### TO DO
Return exactly the lines below, starting with the one that has "#21=DIRECTION('',(-1.,0.,0.));" and going on through the one that has "#39=VERTEX_POINT('',#38);".
DATA FOR PROCESSING: Begin
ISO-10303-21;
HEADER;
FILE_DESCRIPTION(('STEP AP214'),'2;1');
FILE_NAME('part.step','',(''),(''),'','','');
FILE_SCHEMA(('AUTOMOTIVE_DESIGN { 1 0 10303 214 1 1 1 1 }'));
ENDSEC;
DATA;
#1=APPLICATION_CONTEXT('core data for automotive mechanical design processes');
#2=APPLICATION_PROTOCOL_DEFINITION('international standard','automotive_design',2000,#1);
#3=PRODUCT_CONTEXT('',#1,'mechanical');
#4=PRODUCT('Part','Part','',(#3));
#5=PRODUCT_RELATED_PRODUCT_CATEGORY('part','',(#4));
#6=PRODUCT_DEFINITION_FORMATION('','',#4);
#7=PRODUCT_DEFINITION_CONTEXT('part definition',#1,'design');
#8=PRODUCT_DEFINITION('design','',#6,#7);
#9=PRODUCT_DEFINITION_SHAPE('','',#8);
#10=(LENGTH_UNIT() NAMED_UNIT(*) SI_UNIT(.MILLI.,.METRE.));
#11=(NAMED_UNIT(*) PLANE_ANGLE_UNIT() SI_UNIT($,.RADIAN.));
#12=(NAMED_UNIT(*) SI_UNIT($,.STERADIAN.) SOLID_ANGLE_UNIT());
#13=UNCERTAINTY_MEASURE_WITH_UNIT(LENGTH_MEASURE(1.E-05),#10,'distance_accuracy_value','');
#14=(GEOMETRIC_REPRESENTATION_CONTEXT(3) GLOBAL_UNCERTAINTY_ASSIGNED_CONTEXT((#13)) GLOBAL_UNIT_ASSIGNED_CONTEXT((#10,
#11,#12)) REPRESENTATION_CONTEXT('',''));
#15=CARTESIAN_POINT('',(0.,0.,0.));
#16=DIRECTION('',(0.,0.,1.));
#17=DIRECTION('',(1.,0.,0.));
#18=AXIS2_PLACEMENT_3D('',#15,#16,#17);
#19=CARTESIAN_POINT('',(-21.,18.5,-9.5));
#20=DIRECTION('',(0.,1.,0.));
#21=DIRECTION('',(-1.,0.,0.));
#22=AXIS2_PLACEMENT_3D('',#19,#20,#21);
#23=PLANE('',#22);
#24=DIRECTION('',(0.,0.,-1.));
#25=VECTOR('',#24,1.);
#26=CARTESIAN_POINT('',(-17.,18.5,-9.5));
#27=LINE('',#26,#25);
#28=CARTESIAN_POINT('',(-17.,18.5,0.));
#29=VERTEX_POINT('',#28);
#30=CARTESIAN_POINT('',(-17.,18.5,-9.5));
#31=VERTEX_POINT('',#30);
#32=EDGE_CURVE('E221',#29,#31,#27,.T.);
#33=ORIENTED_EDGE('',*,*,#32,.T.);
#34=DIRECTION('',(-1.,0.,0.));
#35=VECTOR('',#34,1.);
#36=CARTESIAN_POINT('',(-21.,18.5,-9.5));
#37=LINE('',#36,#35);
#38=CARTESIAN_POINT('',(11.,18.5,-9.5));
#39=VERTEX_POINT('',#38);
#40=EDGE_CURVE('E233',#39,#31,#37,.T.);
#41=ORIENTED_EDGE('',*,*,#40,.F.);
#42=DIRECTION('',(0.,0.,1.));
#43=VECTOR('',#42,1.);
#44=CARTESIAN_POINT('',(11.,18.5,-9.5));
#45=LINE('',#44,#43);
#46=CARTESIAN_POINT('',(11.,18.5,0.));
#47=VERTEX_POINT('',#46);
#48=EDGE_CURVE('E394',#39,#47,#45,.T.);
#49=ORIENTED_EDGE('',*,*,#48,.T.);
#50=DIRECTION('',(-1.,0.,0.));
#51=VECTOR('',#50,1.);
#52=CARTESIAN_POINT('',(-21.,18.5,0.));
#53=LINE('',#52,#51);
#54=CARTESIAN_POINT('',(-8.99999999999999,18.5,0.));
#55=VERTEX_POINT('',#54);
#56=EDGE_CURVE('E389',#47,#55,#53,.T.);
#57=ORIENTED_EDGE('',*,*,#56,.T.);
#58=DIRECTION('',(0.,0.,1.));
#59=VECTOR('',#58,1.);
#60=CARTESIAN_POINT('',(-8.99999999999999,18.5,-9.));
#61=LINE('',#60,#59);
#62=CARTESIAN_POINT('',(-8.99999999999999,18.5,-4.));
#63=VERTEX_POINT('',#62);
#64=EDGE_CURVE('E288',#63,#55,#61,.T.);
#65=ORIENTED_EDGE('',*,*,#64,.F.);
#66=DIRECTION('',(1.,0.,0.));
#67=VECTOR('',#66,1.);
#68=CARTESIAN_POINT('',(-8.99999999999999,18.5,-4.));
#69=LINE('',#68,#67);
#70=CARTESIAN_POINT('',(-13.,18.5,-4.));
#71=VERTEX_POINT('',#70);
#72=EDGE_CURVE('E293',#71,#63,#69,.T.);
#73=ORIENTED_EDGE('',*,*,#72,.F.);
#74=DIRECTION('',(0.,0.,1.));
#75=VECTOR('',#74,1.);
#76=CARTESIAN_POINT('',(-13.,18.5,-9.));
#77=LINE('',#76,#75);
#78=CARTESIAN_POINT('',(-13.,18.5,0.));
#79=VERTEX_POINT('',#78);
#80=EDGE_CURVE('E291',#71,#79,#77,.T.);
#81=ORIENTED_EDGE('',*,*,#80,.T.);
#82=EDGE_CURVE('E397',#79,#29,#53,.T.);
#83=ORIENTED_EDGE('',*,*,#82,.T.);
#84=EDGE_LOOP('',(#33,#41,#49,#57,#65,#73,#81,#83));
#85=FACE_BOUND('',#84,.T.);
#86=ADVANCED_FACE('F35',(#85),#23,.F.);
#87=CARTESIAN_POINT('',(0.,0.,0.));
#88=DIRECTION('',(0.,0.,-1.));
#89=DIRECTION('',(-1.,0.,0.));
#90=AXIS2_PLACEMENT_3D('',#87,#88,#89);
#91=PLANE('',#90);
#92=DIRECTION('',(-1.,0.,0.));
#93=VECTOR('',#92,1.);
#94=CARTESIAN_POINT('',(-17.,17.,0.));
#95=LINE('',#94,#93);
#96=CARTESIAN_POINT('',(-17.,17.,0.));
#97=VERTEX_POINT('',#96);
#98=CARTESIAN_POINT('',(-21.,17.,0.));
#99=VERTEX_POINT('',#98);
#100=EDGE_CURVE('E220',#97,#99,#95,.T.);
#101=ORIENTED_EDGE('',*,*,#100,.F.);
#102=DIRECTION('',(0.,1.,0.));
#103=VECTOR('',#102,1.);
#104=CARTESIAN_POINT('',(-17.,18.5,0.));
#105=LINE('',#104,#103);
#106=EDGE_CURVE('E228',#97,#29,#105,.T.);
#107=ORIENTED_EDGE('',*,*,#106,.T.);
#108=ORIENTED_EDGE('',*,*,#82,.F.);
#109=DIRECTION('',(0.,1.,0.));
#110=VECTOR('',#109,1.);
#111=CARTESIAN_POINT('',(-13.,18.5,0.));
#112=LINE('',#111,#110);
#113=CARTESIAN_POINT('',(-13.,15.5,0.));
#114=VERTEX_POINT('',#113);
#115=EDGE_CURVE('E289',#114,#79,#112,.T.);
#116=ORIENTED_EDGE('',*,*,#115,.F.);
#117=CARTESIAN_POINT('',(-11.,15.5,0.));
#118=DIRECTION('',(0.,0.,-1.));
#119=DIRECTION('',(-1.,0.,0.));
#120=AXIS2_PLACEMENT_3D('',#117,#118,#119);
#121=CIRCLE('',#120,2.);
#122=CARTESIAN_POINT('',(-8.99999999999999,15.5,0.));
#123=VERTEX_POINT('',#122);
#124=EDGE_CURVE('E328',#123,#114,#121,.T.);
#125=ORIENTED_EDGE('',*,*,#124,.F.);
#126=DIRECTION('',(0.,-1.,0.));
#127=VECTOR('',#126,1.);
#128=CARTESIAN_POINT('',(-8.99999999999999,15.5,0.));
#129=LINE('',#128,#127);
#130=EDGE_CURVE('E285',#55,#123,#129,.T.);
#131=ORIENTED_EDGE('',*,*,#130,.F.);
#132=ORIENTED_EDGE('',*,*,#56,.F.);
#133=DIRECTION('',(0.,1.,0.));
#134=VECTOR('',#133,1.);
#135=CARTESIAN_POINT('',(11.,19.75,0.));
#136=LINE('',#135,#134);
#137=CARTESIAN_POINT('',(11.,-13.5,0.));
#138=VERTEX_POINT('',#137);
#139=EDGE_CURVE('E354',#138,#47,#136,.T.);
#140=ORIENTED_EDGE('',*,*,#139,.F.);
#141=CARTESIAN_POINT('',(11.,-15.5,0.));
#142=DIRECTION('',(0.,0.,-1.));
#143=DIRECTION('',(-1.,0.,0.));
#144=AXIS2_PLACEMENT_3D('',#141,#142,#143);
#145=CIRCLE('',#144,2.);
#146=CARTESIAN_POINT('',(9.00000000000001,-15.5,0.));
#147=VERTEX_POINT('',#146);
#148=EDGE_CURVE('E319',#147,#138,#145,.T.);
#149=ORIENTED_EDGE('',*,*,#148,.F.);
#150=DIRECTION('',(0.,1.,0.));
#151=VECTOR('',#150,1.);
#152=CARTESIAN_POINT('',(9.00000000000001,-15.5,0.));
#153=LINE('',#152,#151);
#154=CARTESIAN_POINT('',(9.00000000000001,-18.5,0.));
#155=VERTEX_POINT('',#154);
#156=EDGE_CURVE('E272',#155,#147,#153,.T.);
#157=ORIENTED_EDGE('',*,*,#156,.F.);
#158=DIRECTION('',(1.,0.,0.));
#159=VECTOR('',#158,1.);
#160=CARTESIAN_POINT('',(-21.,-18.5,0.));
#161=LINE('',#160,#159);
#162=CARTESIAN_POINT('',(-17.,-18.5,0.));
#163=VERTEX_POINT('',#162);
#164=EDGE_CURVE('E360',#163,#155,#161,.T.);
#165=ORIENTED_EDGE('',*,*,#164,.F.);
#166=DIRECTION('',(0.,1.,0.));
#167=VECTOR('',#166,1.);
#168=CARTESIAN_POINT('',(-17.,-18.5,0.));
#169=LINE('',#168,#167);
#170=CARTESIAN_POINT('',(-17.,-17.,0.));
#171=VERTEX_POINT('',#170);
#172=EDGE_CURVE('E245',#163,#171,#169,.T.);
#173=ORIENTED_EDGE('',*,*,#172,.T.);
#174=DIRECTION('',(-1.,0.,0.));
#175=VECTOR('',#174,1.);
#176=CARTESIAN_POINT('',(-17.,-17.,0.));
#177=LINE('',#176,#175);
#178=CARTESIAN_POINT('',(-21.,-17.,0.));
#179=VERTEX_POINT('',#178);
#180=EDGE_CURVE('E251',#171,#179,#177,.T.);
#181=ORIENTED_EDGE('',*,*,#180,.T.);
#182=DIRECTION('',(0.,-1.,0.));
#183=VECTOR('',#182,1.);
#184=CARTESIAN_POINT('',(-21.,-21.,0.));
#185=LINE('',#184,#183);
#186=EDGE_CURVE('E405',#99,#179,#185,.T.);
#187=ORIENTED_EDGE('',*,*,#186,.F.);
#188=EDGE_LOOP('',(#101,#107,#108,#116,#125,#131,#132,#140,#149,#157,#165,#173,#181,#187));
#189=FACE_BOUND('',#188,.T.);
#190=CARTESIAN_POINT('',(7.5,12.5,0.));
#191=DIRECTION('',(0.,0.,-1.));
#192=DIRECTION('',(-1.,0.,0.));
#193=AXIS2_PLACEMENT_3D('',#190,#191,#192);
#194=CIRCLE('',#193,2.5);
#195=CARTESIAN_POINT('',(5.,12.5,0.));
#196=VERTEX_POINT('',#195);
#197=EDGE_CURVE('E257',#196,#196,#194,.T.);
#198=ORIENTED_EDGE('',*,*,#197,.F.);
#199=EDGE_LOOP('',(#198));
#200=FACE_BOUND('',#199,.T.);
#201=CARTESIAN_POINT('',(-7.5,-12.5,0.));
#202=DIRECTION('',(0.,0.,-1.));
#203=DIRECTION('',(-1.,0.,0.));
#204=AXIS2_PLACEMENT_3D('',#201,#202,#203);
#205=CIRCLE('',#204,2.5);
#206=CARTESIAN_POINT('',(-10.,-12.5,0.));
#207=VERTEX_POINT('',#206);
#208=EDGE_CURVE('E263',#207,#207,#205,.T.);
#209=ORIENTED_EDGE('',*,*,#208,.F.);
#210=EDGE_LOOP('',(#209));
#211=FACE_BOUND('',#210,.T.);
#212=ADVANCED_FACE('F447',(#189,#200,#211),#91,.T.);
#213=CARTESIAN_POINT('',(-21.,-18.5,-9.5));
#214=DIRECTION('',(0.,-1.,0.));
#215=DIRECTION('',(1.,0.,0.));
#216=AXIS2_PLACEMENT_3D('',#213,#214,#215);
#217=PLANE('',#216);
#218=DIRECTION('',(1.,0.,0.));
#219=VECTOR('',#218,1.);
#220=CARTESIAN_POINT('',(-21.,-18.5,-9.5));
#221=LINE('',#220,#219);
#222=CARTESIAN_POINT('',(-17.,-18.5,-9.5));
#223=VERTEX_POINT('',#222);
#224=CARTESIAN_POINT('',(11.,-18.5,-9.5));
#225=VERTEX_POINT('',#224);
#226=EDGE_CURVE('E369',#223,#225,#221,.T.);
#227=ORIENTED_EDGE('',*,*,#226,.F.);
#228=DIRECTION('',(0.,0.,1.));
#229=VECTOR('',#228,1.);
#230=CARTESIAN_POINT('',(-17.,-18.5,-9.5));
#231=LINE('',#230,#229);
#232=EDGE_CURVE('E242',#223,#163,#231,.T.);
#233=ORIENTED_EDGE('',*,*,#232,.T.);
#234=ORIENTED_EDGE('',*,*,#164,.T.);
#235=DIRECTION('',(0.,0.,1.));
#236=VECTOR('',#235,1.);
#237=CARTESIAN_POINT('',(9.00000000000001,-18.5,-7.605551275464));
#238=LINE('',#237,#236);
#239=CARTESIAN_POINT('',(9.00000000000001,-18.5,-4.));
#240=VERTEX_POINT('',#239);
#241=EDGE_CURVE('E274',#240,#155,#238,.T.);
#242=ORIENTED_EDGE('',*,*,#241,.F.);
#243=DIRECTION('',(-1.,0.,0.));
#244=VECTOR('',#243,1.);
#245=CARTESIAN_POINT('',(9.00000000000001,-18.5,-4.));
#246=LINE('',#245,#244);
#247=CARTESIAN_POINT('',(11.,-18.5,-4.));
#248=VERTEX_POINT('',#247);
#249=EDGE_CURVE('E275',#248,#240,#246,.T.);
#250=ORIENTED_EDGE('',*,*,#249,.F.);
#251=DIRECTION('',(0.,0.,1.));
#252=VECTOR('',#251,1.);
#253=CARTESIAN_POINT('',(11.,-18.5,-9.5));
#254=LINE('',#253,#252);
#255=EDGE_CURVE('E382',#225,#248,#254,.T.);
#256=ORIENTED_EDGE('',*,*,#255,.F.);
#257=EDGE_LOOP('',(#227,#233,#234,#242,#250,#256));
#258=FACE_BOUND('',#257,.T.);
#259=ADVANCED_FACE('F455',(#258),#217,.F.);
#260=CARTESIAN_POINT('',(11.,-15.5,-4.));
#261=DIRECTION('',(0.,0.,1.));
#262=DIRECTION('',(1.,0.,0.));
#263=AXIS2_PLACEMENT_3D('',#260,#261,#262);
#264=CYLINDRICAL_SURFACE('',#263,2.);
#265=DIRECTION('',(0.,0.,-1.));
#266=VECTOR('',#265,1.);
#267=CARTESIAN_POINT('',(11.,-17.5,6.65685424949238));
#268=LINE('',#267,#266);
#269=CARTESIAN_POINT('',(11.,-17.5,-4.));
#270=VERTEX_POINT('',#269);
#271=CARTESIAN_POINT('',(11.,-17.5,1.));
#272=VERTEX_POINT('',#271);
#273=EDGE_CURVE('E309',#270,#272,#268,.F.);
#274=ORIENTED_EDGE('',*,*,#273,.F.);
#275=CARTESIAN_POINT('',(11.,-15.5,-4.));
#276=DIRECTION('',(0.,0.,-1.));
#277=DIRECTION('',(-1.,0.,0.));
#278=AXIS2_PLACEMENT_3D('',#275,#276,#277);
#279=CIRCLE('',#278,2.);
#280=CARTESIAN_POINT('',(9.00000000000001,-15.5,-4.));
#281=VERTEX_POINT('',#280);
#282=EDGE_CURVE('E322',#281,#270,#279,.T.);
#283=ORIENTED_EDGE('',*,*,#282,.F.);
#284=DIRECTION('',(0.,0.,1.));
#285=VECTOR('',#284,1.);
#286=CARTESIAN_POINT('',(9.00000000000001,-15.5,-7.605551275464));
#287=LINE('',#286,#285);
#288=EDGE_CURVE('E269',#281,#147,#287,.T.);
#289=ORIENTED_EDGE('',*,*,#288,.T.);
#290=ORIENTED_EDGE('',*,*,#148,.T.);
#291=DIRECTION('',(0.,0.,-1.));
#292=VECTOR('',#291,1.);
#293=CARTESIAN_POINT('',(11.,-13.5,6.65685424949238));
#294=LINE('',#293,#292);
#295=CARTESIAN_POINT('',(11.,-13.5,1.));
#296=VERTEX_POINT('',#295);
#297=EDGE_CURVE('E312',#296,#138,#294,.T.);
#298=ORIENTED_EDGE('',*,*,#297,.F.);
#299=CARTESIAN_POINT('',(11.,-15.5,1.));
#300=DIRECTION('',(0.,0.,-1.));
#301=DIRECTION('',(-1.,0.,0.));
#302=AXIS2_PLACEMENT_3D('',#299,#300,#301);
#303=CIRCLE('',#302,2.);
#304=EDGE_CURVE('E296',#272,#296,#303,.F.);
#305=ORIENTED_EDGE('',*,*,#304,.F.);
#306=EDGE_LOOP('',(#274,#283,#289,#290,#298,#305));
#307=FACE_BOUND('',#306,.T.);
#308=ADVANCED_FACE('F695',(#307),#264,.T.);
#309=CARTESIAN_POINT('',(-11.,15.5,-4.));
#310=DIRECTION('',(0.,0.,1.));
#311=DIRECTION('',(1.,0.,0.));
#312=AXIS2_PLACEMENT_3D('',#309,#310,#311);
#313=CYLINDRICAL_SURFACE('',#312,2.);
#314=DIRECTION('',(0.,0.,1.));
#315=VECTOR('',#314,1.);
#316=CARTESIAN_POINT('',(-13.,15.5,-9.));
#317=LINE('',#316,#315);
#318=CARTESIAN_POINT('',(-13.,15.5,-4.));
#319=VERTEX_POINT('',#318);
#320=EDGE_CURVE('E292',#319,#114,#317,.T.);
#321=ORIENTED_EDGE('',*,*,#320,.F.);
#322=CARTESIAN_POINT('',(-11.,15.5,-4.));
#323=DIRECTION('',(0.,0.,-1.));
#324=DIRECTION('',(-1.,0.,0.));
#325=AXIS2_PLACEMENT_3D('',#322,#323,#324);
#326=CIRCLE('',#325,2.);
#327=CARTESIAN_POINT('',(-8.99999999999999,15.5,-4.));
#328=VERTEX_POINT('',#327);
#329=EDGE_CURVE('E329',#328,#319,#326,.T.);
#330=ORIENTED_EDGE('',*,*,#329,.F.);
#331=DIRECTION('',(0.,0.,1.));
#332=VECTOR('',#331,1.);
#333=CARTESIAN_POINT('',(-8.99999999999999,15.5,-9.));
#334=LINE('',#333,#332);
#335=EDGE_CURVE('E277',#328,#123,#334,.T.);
DATA FOR PROCESSING: End
### WRITTEN SOLUTION
#21=DIRECTION('',(-1.,0.,0.));
#22=AXIS2_PLACEMENT_3D('',#19,#20,#21);
#23=PLANE('',#22);
#24=DIRECTION('',(0.,0.,-1.));
#25=VECTOR('',#24,1.);
#26=CARTESIAN_POINT('',(-17.,18.5,-9.5));
#27=LINE('',#26,#25);
#28=CARTESIAN_POINT('',(-17.,18.5,0.));
#29=VERTEX_POINT('',#28);
#30=CARTESIAN_POINT('',(-17.,18.5,-9.5));
#31=VERTEX_POINT('',#30);
#32=EDGE_CURVE('E221',#29,#31,#27,.T.);
#33=ORIENTED_EDGE('',*,*,#32,.T.);
#34=DIRECTION('',(-1.,0.,0.));
#35=VECTOR('',#34,1.);
#36=CARTESIAN_POINT('',(-21.,18.5,-9.5));
#37=LINE('',#36,#35);
#38=CARTESIAN_POINT('',(11.,18.5,-9.5));
#39=VERTEX_POINT('',#38);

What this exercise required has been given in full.